For the reasons stated below, the court concludes that Alfwear: (1) has demonstrated good cause to extend the deadline to add parties and (2) should be provided with leave to amend the complaint to add Mr. Gilmore and Alfa Adhesives as defendants in this case. The court addresses each issue in turn. I. Modification of the Scheduling Order to Extend the Deadline to Add Parties

Alfwear asserts that good cause exists to extend the scheduling order’s deadline to add parties because Alfwear did not have knowledge of Mr. Gilmore’s and Alfa Adhesives’s roles until the Kulkote deposition on December 23, 2019. Discovery of necessary information to assert a claim against a party that is uncovered after the deadline to amend has expired constitutes good cause to extend that deadline. Pumpco, Inc. v. Schenker Int’l, Inc., 204 F.R.D. 667, 668 (D. Colo. 2001) (stating that “information learned through discovery. . . if occurring after the deadline to amend contained in the Scheduling Order constitutes good cause to justify an extension of that deadline”). In opposition, Kulkote argues that Alfwear had been aware of Mr. Gilmore and Alfa Adhesives much earlier than December 23rd, and thus, Alfwear could have met the September 19th deadline had it acted diligently.

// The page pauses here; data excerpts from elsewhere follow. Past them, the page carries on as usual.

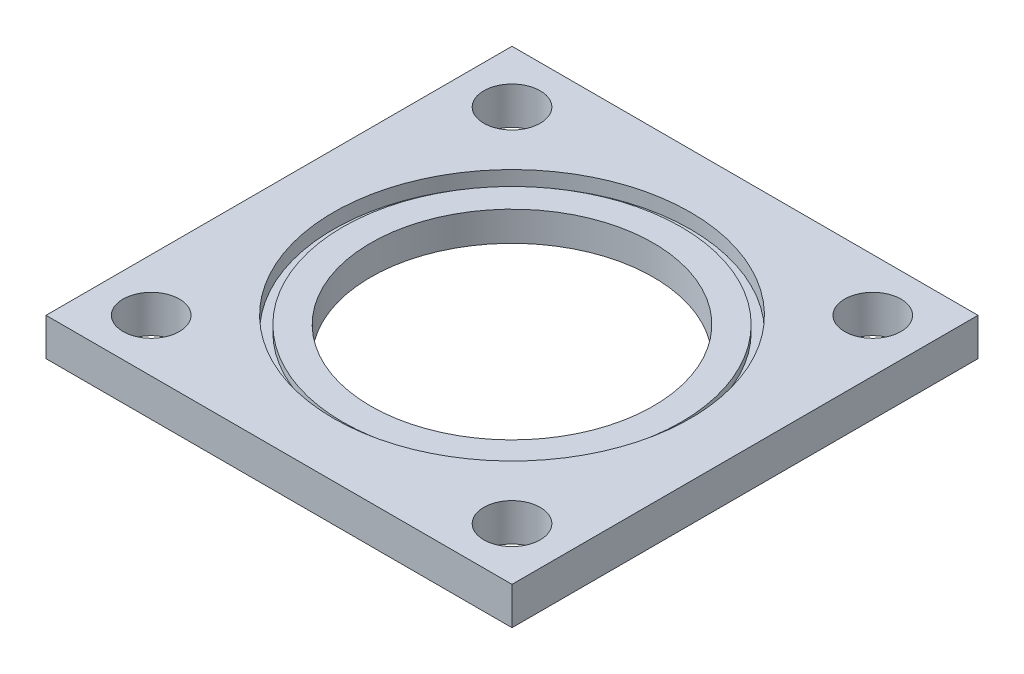
from build123d import *

# Parameters (mm, degrees)
PLATEOUTLINE_W      = 78.74
PLATEOUTLINE_H      = 78.74
BOSS_EXTRUDE1_DEPTH = 6.35
RAILGUIDES_R        = 4.7625
CUT_EXTRUDE1_DEPTH  = 10
CUT_EXTRUDE2_START  = 5
FUELGRAINMOUNTING_R = 30.1625
CUT_EXTRUDE2_DEPTH  = 5
GASINTAKE_R         = 23.876
CUT_EXTRUDE3_DEPTH  = 5
CUT_EXTRUDE4_START  = 3.857
SKETCH1_R           = 30.1625
SKETCH1_R_2         = 28.575
CUT_EXTRUDE4_DEPTH  = 1.143


with BuildPart() as part:
    # plateOutline → Boss-Extrude1 (new body)
    with BuildSketch(Plane(origin=(0, 0, 0), x_dir=(1, 0, 0), z_dir=(0, 1, 0))):
        Rectangle(PLATEOUTLINE_W, PLATEOUTLINE_H)
    extrude(amount=BOSS_EXTRUDE1_DEPTH)

    # railGuides → Cut-Extrude1 (cut)
    with BuildSketch(Plane(origin=(0, 0, 0), x_dir=(1, 0, 0), z_dir=(0, 1, 0))):
        with Locations((-30.48, 30.48)):
            Circle(RAILGUIDES_R)
        with Locations((30.48, 30.48)):
            Circle(RAILGUIDES_R)
        with Locations((30.48, -30.48)):
            Circle(RAILGUIDES_R)
        with Locations((-30.48, -30.48)):
            Circle(RAILGUIDES_R)
    extrude(amount=CUT_EXTRUDE1_DEPTH, mode=Mode.SUBTRACT)

    # FuelGrainMounting → Cut-Extrude2 (cut)
    with BuildSketch(Plane(origin=(0, 0, 0), x_dir=(1, 0, 0), z_dir=(0, 1, 0)).offset(CUT_EXTRUDE2_START)):
        Circle(FUELGRAINMOUNTING_R)
    extrude(amount=CUT_EXTRUDE2_DEPTH, mode=Mode.SUBTRACT)

    # GasIntake → Cut-Extrude3 (cut)
    with BuildSketch(Plane(origin=(0, 0, 0), x_dir=(1, 0, 0), z_dir=(0, 1, 0))):
        Circle(GASINTAKE_R)
    extrude(amount=CUT_EXTRUDE3_DEPTH, mode=Mode.SUBTRACT)

    # Sketch1 → Cut-Extrude4 (cut)
    with BuildSketch(Plane(origin=(0, 0, 0), x_dir=(1, 0, 0), z_dir=(0, 1, 0)).offset(CUT_EXTRUDE4_START)):
        Circle(SKETCH1_R)
        Circle(SKETCH1_R_2, mode=Mode.SUBTRACT)
    extrude(amount=CUT_EXTRUDE4_DEPTH, mode=Mode.SUBTRACT)


solid = part.part
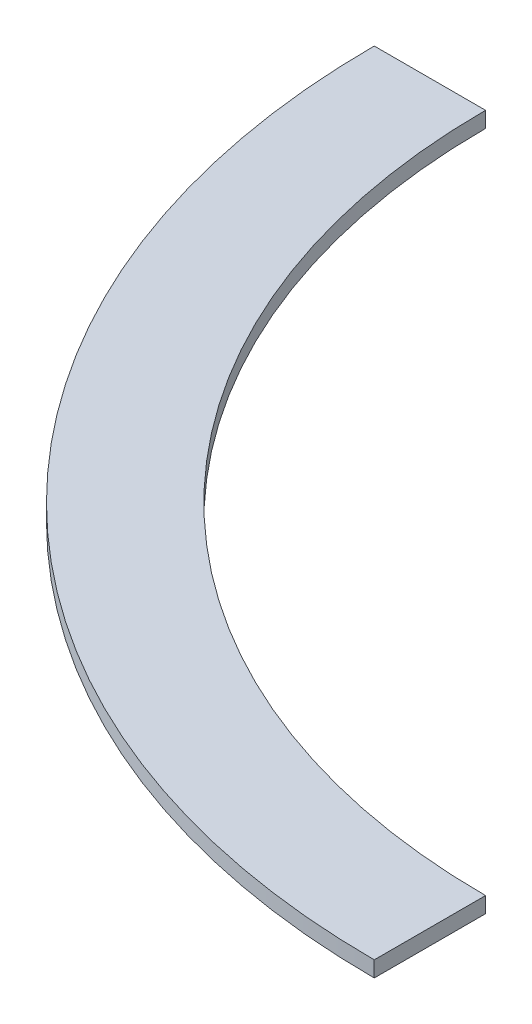
from build123d import *

# Parameters (mm, degrees)
BOSS_EXTRUDE1_DEPTH = 7.9375


with BuildPart() as part:
    # Sketch1 → Boss-Extrude1 (new body)
    with BuildSketch(Plane(origin=(0, 0, 0), x_dir=(1, 0, 0), z_dir=(0, 1, 0))):
        with BuildLine():
            Line((0, -399.0975), (0, -342.9635))
            ThreePointArc((0, -342.9635), (-242.511816549, -242.511816549), (-342.9635, 0))
            Line((-342.9635, 0), (-399.0975, 0))
            ThreePointArc((-399.0975, 0), (-282.204548605, -282.204548605), (0, -399.0975))
        make_face()
    extrude(amount=BOSS_EXTRUDE1_DEPTH)


solid = part.part

In support, Kulkote points to various documents referencing Mr. Gilmore and Alfa Adhesives that were in Alfwear’s possession as early as April 2019. Although that may be true, knowledge of existence and knowledge of facts supporting liability are two different things. Alfwear was certainly aware of Mr. Gilmore and Alfa Adhesives in mid-2019, but facts surrounding Mr. Gilmore’s exclusive control of Kulkote and his decision to use Alfa Adhesives did not emerge until Kulkote’s deposition. Alfwear made diligent efforts to schedule the deposition much earlier in the year, but Kulkote did not make itself available for deposition until October, a month after the deadline. Having acquired the information after the expiration of the deadline, Alfwear could not have met the deadline with diligent effort. Accordingly, the court concludes Alfwear has demonstrated good cause to extend the deadline for leave to amend. II. Leave to Amend Complaint

Under the liberal standard for granting leave to amend pleadings, the court concludes that Alfwear should be allowed to amend the complaint to add Mr. Gilmore and Alfa Adhesives as defendants. Because Kulkote argues only prejudice and futility, only those two arguments are discussed below. A. Undue Prejudice

Kulkote has not established that it will be unfairly prejudiced if Alfwear is permitted leave to amend. Prejudice is most often found when the amended claims arise out of a subject matter different from what was set forth in the complaint, raise significant new factual issues, and is offered shortly before or during trial. Minter, 451 F.3d at 1207. “An amendment is not prejudicial, by contrast, if it merely adds an additional theory of recovery to the facts already pled.” Flame S.A. v. Indus. Carriers, Inc., No. 2:13-CV-658, 2014 WL 4202470, at *1 (E.D. Va. Aug. 22, 2014). Alfwear does not seek to add new claims or theories but rather seeks to add parties to the suit that Kulkote recently disclosed as possibly having some role in the alleged trademark infringement activity. These two new parties have been aware of and participating in some degree with this action for quite some time. Under these circumstances, the court cannot say the proposed amendment would result in prejudice. See, e.g., George v. HEK America, Inc. 157 F.R.D. 489, 491 (D. Colo. 1994) (noting that it would be difficult for defendant to argue prejudice in naming parties which defendants themselves have pointed to as being related parties). Although the deadline for conducting discovery has closed, no trial date has been set. In the event the parties believe that additional discovery is required in light of the amendments, they may ask to reopen discovery and to alter any other deadlines, as necessary. Any prejudice which might arise from the late addition of parties is thus capable of being cured.